### Supplied data ###
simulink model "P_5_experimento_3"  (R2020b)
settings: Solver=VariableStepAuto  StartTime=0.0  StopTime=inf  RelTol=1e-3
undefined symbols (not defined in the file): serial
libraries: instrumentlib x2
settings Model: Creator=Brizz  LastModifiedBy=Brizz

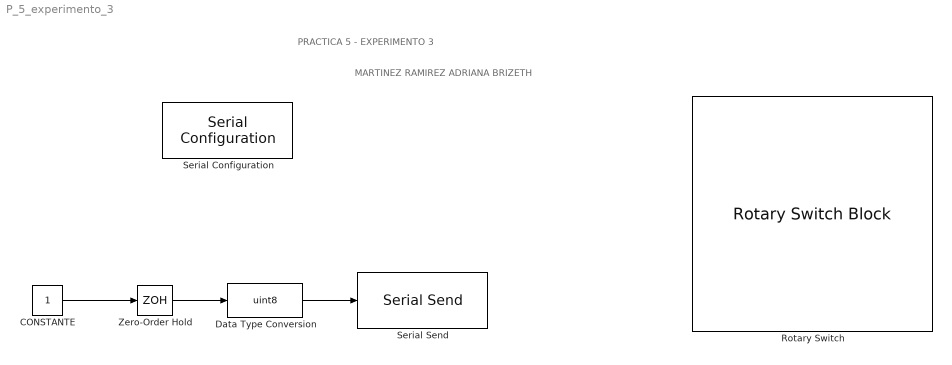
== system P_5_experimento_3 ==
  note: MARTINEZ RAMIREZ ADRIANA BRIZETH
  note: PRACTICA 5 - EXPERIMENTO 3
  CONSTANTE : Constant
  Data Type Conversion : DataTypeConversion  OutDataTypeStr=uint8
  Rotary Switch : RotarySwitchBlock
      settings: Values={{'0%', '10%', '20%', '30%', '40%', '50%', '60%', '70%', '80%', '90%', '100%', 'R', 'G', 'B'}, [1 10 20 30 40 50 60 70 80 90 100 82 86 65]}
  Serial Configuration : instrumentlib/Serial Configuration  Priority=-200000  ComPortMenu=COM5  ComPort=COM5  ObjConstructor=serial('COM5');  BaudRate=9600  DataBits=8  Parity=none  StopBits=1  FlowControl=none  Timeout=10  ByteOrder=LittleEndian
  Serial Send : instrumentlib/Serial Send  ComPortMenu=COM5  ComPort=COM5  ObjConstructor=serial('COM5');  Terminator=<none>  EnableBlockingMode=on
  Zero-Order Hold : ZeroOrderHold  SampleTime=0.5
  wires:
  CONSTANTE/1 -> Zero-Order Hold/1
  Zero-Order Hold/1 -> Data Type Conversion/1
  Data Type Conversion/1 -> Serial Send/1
###
● Exercise requirements
Every line above goes into the copy unchanged; the pictures do not.

● Task answer
simulink model "P_5_experimento_3"  (R2020b)
settings: Solver=VariableStepAuto  StartTime=0.0  StopTime=inf  RelTol=1e-3
undefined symbols (not defined in the file): serial
libraries: instrumentlib x2
settings Model: Creator=Brizz  LastModifiedBy=Brizz

== system P_5_experimento_3 ==
  note: MARTINEZ RAMIREZ ADRIANA BRIZETH
  note: PRACTICA 5 - EXPERIMENTO 3
  CONSTANTE : Constant
  Data Type Conversion : DataTypeConversion  OutDataTypeStr=uint8
  Rotary Switch : RotarySwitchBlock
      settings: Values={{'0%', '10%', '20%', '30%', '40%', '50%', '60%', '70%', '80%', '90%', '100%', 'R', 'G', 'B'}, [1 10 20 30 40 50 60 70 80 90 100 82 86 65]}
  Serial Configuration : instrumentlib/Serial Configuration  Priority=-200000  ComPortMenu=COM5  ComPort=COM5  ObjConstructor=serial('COM5');  BaudRate=9600  DataBits=8  Parity=none  StopBits=1  FlowControl=none  Timeout=10  ByteOrder=LittleEndian
  Serial Send : instrumentlib/Serial Send  ComPortMenu=COM5  ComPort=COM5  ObjConstructor=serial('COM5');  Terminator=<none>  EnableBlockingMode=on
  Zero-Order Hold : ZeroOrderHold  SampleTime=0.5
  wires:
  CONSTANTE/1 -> Zero-Order Hold/1
  Zero-Order Hold/1 -> Data Type Conversion/1
  Data Type Conversion/1 -> Serial Send/1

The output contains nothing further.